After endless procedural wrangles, Mr Brown, who runs a specialist wine shop in Battersea, south London, has overcome stiff French resistance to cater for the expected surge of British cross-Channel shoppers following the raising of limits on the movement of drink for personal consumption across EC national borders with yesterday's introduction of the single European market. French taxes on drink are substantially lower than those in Britain.
'Dealing with the French has been a nightmare,' says Mr Brown. After searching for premises since last January, he was about to sign a contract for a large warehouse in September when the landlord suddenly changed his mind. Now, with just a fortnight to go before his shop in rue Victor Hugo opens, Mr Brown is hoping that Norman Lamont will not put the kibosh on his efforts of the past year.
'It only needs the Chancellor to halve duty rates,' says Mr Brown, who thinks that might happen in the face of the loss of business for the wine trade in Britain.
Among a number of British companies believed to be testing the water is Avery's of Bristol, which has found a potential site for a wine warehouse in France.
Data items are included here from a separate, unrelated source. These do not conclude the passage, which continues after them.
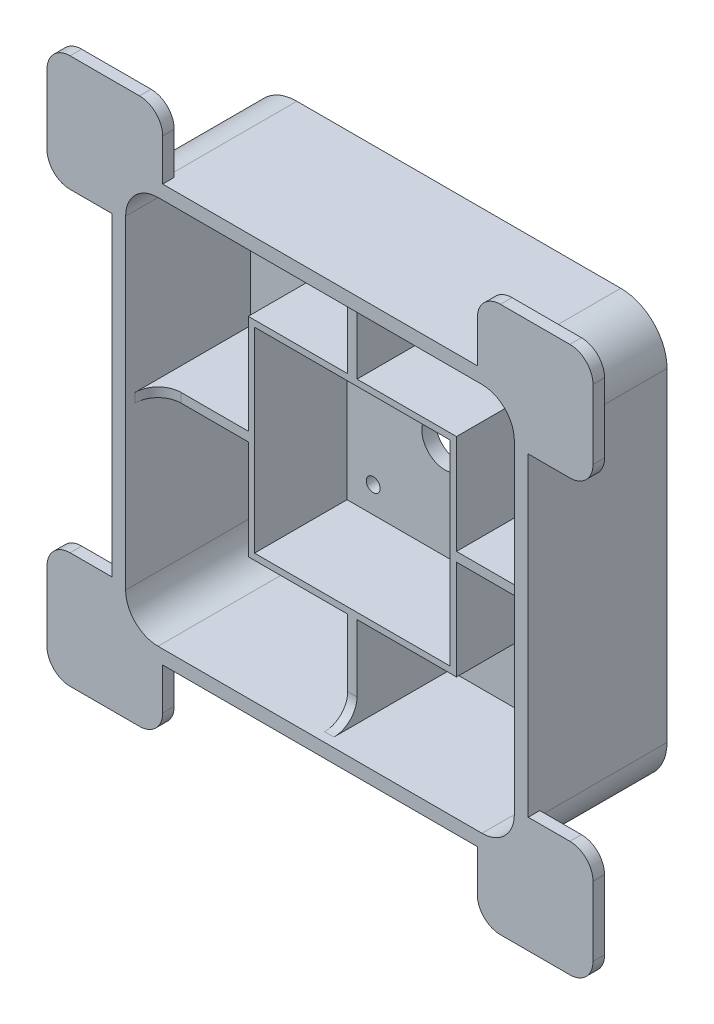
SolidWorks part; units mm, degrees
material "尼龙 101"
ref_plane "前视基准面" through (0, 0, 0) normal (0, 0, 1) x (1, 0, 0)
ref_plane "上视基准面" through (0, 0, 0) normal (0, 1, 0) x (1, 0, 0)
ref_plane "右视基准面" through (0, 0, 0) normal (1, 0, 0) x (0, 0, -1)
sketch "草图1" plane through (0, 0, 0) normal (0, 0, 1) x (1, 0, 0)
  line L1 (-35, 45) -> (35, 45)
  line L2 (-45, 35) -> (-45, -35)
  line L3 (-35, -45) -> (35, -45)
  line L4 (45, 35) -> (45, -35)
  line L5 (-45, 45) -> (45, -45) construction
  line L6 (-45, -45) -> (45, 45) construction
  arc A0 (-45, -35) -> (-35, -45) centre (-35, -35) ccw
  arc A1 (35, -45) -> (45, -35) centre (35, -35) ccw
  arc A2 (35, 45) -> (45, 35) centre (35, 35) cw
  arc A3 (-35, 45) -> (-45, 35) centre (-35, 35) ccw
  point P0 (0, 0)
  dimension "D3" = 10
  dimension "D1" = 90
  dimension "D2" = 90
extrude "凸台-拉伸1" add sketch "草图1" along normal blind 30
shell "抽壳1" thickness 3
sketch "草图3" plane through (0, 0, 30) normal (0, 0, 1) x (1, 0, 0)
  line L1 (0, 0) -> (0, 55.6478) construction
  line L2 (0, 0) -> (103.6974, 0) construction
  circle A0 centre (-34, 34) radius 3
  circle A1 centre (34, 34) radius 3
  circle A2 centre (34, -34) radius 3
  circle A3 centre (-34, -34) radius 3
  dimension "D3" = 6
  dimension "D4" = 6
  dimension "D5" = 6
  dimension "D6" = 6
  dimension "D1" = 68
  dimension "D2" = 68
extrude "切除-拉伸1" cut sketch "草图3" against normal up to next
sketch "草图4" plane through (0, 0, 3) normal (0, 0, 1) x (1, 0, 0)
  line L1 (-21.15, -21.15) -> (21.15, -21.15)
  line L2 (-21.15, -21.15) -> (-21.15, 21.15)
  line L3 (-21.15, 21.15) -> (21.15, 21.15)
  line L4 (21.15, -21.15) -> (21.15, 21.15)
  line L5 (-21.15, -21.15) -> (21.15, 21.15) construction
  line L6 (-21.15, 21.15) -> (21.15, -21.15) construction
  line L7 (-22.5, -22.5) -> (22.5, -22.5)
  line L8 (-22.5, -22.5) -> (-22.5, 22.5)
  line L9 (-22.5, 22.5) -> (22.5, 22.5)
  line L10 (22.5, -22.5) -> (22.5, 22.5)
  line L11 (-22.5, -22.5) -> (22.5, 22.5) construction
  line L12 (-22.5, 22.5) -> (22.5, -22.5) construction
  point P0 (0, 0)
  point P6 (0, 0)
  dimension "D1" = 42.3
  dimension "D2" = 42.3
  dimension "D3" = 45
  dimension "D4" = 45
extrude "凸台-拉伸3" add sketch "草图4" along normal blind 20
sketch "草图11" plane through (0, 0, 3) normal (0, 0, 1) x (1, 0, 0)
  line L0 (-15.5, -15.5) -> (-15.5, 15.5) construction
  line L1 (-15.5, 15.5) -> (15.5, 15.5) construction
  line L2 (15.5, 15.5) -> (15.5, -15.5) construction
  line L3 (15.5, -15.5) -> (-15.5, -15.5) construction
  line L4 (0, 0) -> (34.4126, 0) construction
  line L5 (0, 0) -> (0, 49.7231) construction
  circle A0 centre (-15.5, -15.5) radius 1.5
  circle A1 centre (15.5, -15.5) radius 1.5
  circle A2 centre (15.5, 15.5) radius 1.5
  circle A3 centre (-15.5, 15.5) radius 1.5
  point P12 (0, 0)
  dimension "D3" = 3
  dimension "D4" = 3
  dimension "D5" = 3
  dimension "D6" = 3
  dimension "D1" = 31
  dimension "D2" = 31
extrude "切除-拉伸4" cut sketch "草图11" against normal through all
sketch "草图7" plane through (0, 0, 3) normal (0, 0, 1) x (1, 0, 0)
  line L0 (22.5, 22.5) -> (-22.5, 22.5) construction
  line L1 (-1, 42) -> (1, 42)
  line L2 (-1, 42) -> (-1, 22.5)
  line L3 (-1, 22.5) -> (1, 22.5)
  line L4 (1, 42) -> (1, 22.5)
  line L5 (-1, 42) -> (1, 22.5) construction
  line L6 (-1, 22.5) -> (1, 42) construction
  line L7 (-35, -42) -> (35, -42) construction
  line L8 (-1, -22.5) -> (1, -22.5)
  line L9 (-1, -22.5) -> (-1, -42)
  line L10 (-1, -42) -> (1, -42)
  line L11 (1, -22.5) -> (1, -42)
  line L12 (-1, -22.5) -> (1, -42) construction
  line L13 (-1, -42) -> (1, -22.5) construction
  line L14 (0, 32.25) -> (0, 0) construction
  line L15 (0, 0) -> (0, -32.25) construction
  line L16 (35, 42) -> (-35, 42) construction
  line L17 (-22.5, -22.5) -> (22.5, -22.5) construction
  point P0 (0, 32.25)
  point P7 (0, -32.25)
  dimension "D1" = 2
  dimension "D2" = 2
extrude "凸台-拉伸5" add sketch "草图7" along normal up to surface (20 mm away) up to face at (0, 0, 23)
ref_axis "基准轴1" through (0, 0, -2) along (0, 0, 1)
pattern_circular "阵列(圆周)1" count 2 over 90 about axis through (0, 0, -2) along (0, 0, 1) of "凸台-拉伸5"
sketch "草图10" plane through (0, 0, 0) normal (0, 0, -1) x (-1, 0, 0)
  circle A0 centre (0, 0) radius 5
  dimension "D1" = 10
extrude "切除-拉伸3" cut sketch "草图10" against normal through all
fillet "圆角1" radius 5 4 edges at (-42, 0, 23) (42, 0, 23) (0, -42, 23) (0, 42, 23)
sketch "草图12" plane through (0, 0, 30) normal (0, 0, 1) x (1, 0, 0)
  line L0 (34, 42) -> (35, 42)
  line L1 (42, 34) -> (54, 34)
  line L2 (34, 42) -> (34, 54)
  line L3 (39, 59) -> (54, 59)
  line L4 (59, 39) -> (59, 54)
  line L5 (42, -34) -> (54, -34)
  line L6 (34, -42) -> (34, -54)
  line L7 (39, -59) -> (54, -59)
  line L8 (59, -39) -> (59, -54)
  line L17 (35, 42) -> (-35, 42) construction
  line L18 (42, 35) -> (42, 34)
  line L19 (42, -35) -> (42, 35) construction
  line L20 (35, -42) -> (34, -42)
  line L21 (-35, -42) -> (35, -42) construction
  line L22 (42, -35) -> (42, -34)
  line L23 (0, 0) -> (0, -109.4281) construction
  line L24 (-42, -35) -> (-42, -34)
  line L25 (-35, -42) -> (-34, -42)
  line L26 (-42, 35) -> (-42, 34)
  line L27 (-59, -39) -> (-59, -54)
  line L28 (-39, -59) -> (-54, -59)
  line L29 (-34, -42) -> (-34, -54)
  line L30 (-42, -34) -> (-54, -34)
  line L31 (-59, 39) -> (-59, 54)
  line L32 (-39, 59) -> (-54, 59)
  line L33 (-34, 42) -> (-34, 54)
  line L34 (-42, 34) -> (-54, 34)
  line L35 (-34, 42) -> (-35, 42)
  arc A0 (35, 42) -> (42, 35) centre (35, 35) cw
  arc A4 (42, -35) -> (35, -42) centre (35, -35) cw
  arc A5 (34, -54) -> (39, -59) centre (39, -54) ccw
  arc A6 (54, -59) -> (59, -54) centre (54, -54) ccw
  arc A7 (54, -34) -> (59, -39) centre (54, -39) cw
  arc A8 (34, 54) -> (39, 59) centre (39, 54) cw
  arc A9 (54, 34) -> (59, 39) centre (54, 39) ccw
  arc A10 (54, 59) -> (59, 54) centre (54, 54) cw
  arc A19 (-54, 59) -> (-59, 54) centre (-54, 54) ccw
  arc A20 (-54, 34) -> (-59, 39) centre (-54, 39) cw
  arc A21 (-34, 54) -> (-39, 59) centre (-39, 54) ccw
  arc A22 (-54, -34) -> (-59, -39) centre (-54, -39) ccw
  arc A23 (-54, -59) -> (-59, -54) centre (-54, -54) cw
  arc A24 (-34, -54) -> (-39, -59) centre (-39, -54) cw
  arc A25 (-42, -35) -> (-35, -42) centre (-35, -35) ccw
  arc A26 (-35, 42) -> (-42, 35) centre (-35, 35) ccw
  point P49 (59, 34)
  point P52 (59, 59)
  point P76 (-59, 59)
  point P77 (-59, 34)
  dimension "D5" = 5
  dimension "D1" = 25
  dimension "D2" = 25
  dimension "D3" = 25
  dimension "D4" = 25
extrude "凸台-拉伸6" add sketch "草图12" against normal blind 2.5

The Wine Society, the 60,000- strong mail order club, also has plans to enable members to bring back wines more cheaply.
Mr Brown says the main aim of the Grape Shop in Boulogne is to lure British shoppers, offering wines at between pounds 1.50 and pounds 3 cheaper, and savings of up to pounds 4 a bottle on the 30 to 40 malt whiskies he aims to stock.
But he also hopes to sell his wines to the French, breaking down barriers of chauvinism with the value for money of his new world wines.